> **PROBLEM TO SOLVE**
Wherever the string "linetype" appears in the records, return the line that holds it.

> **RECORDS PROVIDED**

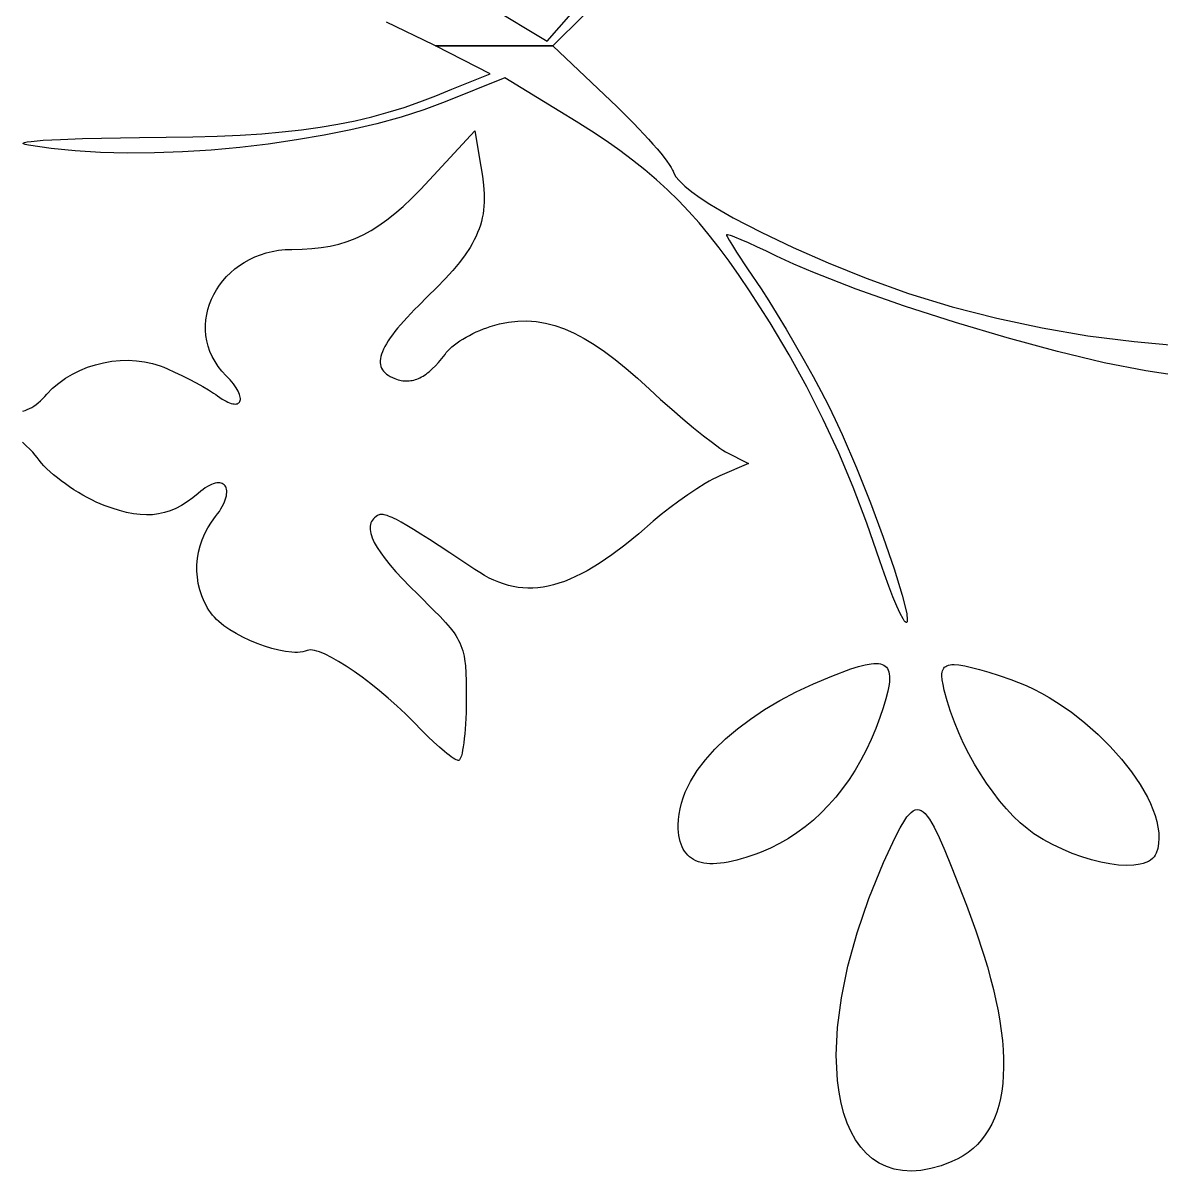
# Model space of a CAD drawing. Extents: x -119 to 121, y -47 to 51.
# Drawn here: x 82.43 to 90.76, y 32.75 to 41.15 of the extents above; entities that cross this region are included whole.
import ezdxf

# ---------------------------------------------------------------- set-up
doc = ezdxf.new("R2010")
doc.units = 0
doc.layers.add('BLACK', color=7, linetype='CONTINUOUS')

msp = doc.modelspace()

# ---------------------------------------------------------------- linework, layer by layer
at = {"layer": 'BLACK', "linetype": 'CONTINUOUS'}
for p, q in [((86.2699, 41.0182), (86.5663, 41.3568)), ((85.8466, 41.2722), (86.2699, 41.0182)), ((86.538, 41.2087), (86.3123, 40.9829)), ((85.4374, 40.9899), (85.0927, 41.156)), ((85.4513, 40.9829), (85.4374, 40.9899)), ((85.8537, 40.7783), (85.4513, 40.9829)), ((85.4513, 40.9829), (86.3123, 40.9829)), ((86.3123, 40.9829), (85.4513, 40.9829)), ((86.3123, 40.9829), (86.7356, 40.5807)), ((85.9595, 40.75), (85.522, 40.5737)), ((85.5714, 40.6654), (85.8537, 40.7783)), ((86.3617, 40.5031), (85.9595, 40.75)), ((85.4544, 40.6172), (85.5714, 40.6654)), ((85.3384, 40.5732), (85.4544, 40.6172)), ((86.7356, 40.5807), (86.7789, 40.5396)), ((84.9861, 40.4648), (85.1051, 40.4971)), ((85.1051, 40.4971), (85.2222, 40.5333)), ((85.368, 40.5161), (85.2007, 40.4628)), ((85.2222, 40.5333), (85.3384, 40.5732)), ((85.522, 40.5737), (85.368, 40.5161)), ((86.4821, 40.43), (86.3617, 40.5031)), ((86.7789, 40.5396), (86.8213, 40.4984)), ((86.8213, 40.4984), (86.8626, 40.4574)), ((84.6083, 40.3884), (84.7386, 40.4105)), ((84.7386, 40.4105), (84.8643, 40.4359)), ((85.0219, 40.4138), (84.8335, 40.3693)), ((84.8643, 40.4359), (84.9861, 40.4648)), ((85.2007, 40.4628), (85.0219, 40.4138)), ((86.595, 40.3584), (86.4821, 40.43)), ((86.8626, 40.4574), (86.9025, 40.4168)), ((86.9025, 40.4168), (86.9409, 40.3769)), ((83.8539, 40.3222), (84.0216, 40.33)), ((84.0216, 40.33), (84.18, 40.3404)), ((84.18, 40.3404), (84.33, 40.3535)), ((84.33, 40.3535), (84.4724, 40.3695)), ((84.6372, 40.3295), (84.4349, 40.2946)), ((84.4724, 40.3695), (84.6083, 40.3884)), ((84.8335, 40.3693), (84.6372, 40.3295)), ((85.4092, 40.0022), (85.7408, 40.362)), ((85.7408, 40.362), (85.7831, 40.1009)), ((86.7011, 40.2879), (86.595, 40.3584)), ((86.9409, 40.3769), (86.9774, 40.338)), ((86.9774, 40.338), (87.012, 40.3003)), ((82.4339, 40.2688), (82.4342, 40.2712)), ((82.4363, 40.2664), (82.4339, 40.2688)), ((82.4342, 40.2712), (82.4431, 40.2759)), ((82.4494, 40.2614), (82.4363, 40.2664)), ((82.4431, 40.2759), (82.4624, 40.2803)), ((82.474, 40.2562), (82.4494, 40.2614)), ((82.4624, 40.2803), (82.492, 40.2846)), ((82.638, 40.2318), (82.474, 40.2562)), ((82.492, 40.2846), (82.5808, 40.2923)), ((82.5808, 40.2923), (82.7069, 40.2991)), ((82.7069, 40.2991), (82.8679, 40.3048)), ((82.8679, 40.3048), (83.2854, 40.3126)), ((83.2854, 40.3126), (83.6759, 40.3168)), ((83.6759, 40.3168), (83.8539, 40.3222)), ((84.0192, 40.2403), (83.8095, 40.2212)), ((84.2283, 40.2648), (84.0192, 40.2403)), ((84.4349, 40.2946), (84.2283, 40.2648)), ((86.8011, 40.2177), (86.7011, 40.2879)), ((87.012, 40.3003), (87.0443, 40.2641)), ((87.0443, 40.2641), (87.0741, 40.2296)), ((82.814, 40.2142), (82.638, 40.2318)), ((83, 40.2032), (82.814, 40.2142)), ((83.1944, 40.1986), (83, 40.2032)), ((83.3953, 40.2002), (83.1944, 40.1986)), ((83.6009, 40.2078), (83.3953, 40.2002)), ((83.8095, 40.2212), (83.6009, 40.2078)), ((86.8955, 40.1473), (86.8011, 40.2177)), ((87.0741, 40.2296), (87.1012, 40.1971)), ((87.1012, 40.1971), (87.1254, 40.1669)), ((87.1254, 40.1669), (87.1464, 40.1392)), ((85.7831, 40.1009), (85.7957, 40.0303)), ((86.985, 40.0761), (86.8955, 40.1473)), ((87.0702, 40.0035), (86.985, 40.0761)), ((87.1464, 40.1392), (87.164, 40.1142)), ((87.164, 40.1142), (87.178, 40.0923)), ((87.178, 40.0923), (87.1881, 40.0737)), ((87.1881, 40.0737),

> **ANSWER BOX**
doc.layers.add('BLACK', color=7, linetype='CONTINUOUS')
at = {"layer": 'BLACK', "linetype": 'CONTINUOUS'}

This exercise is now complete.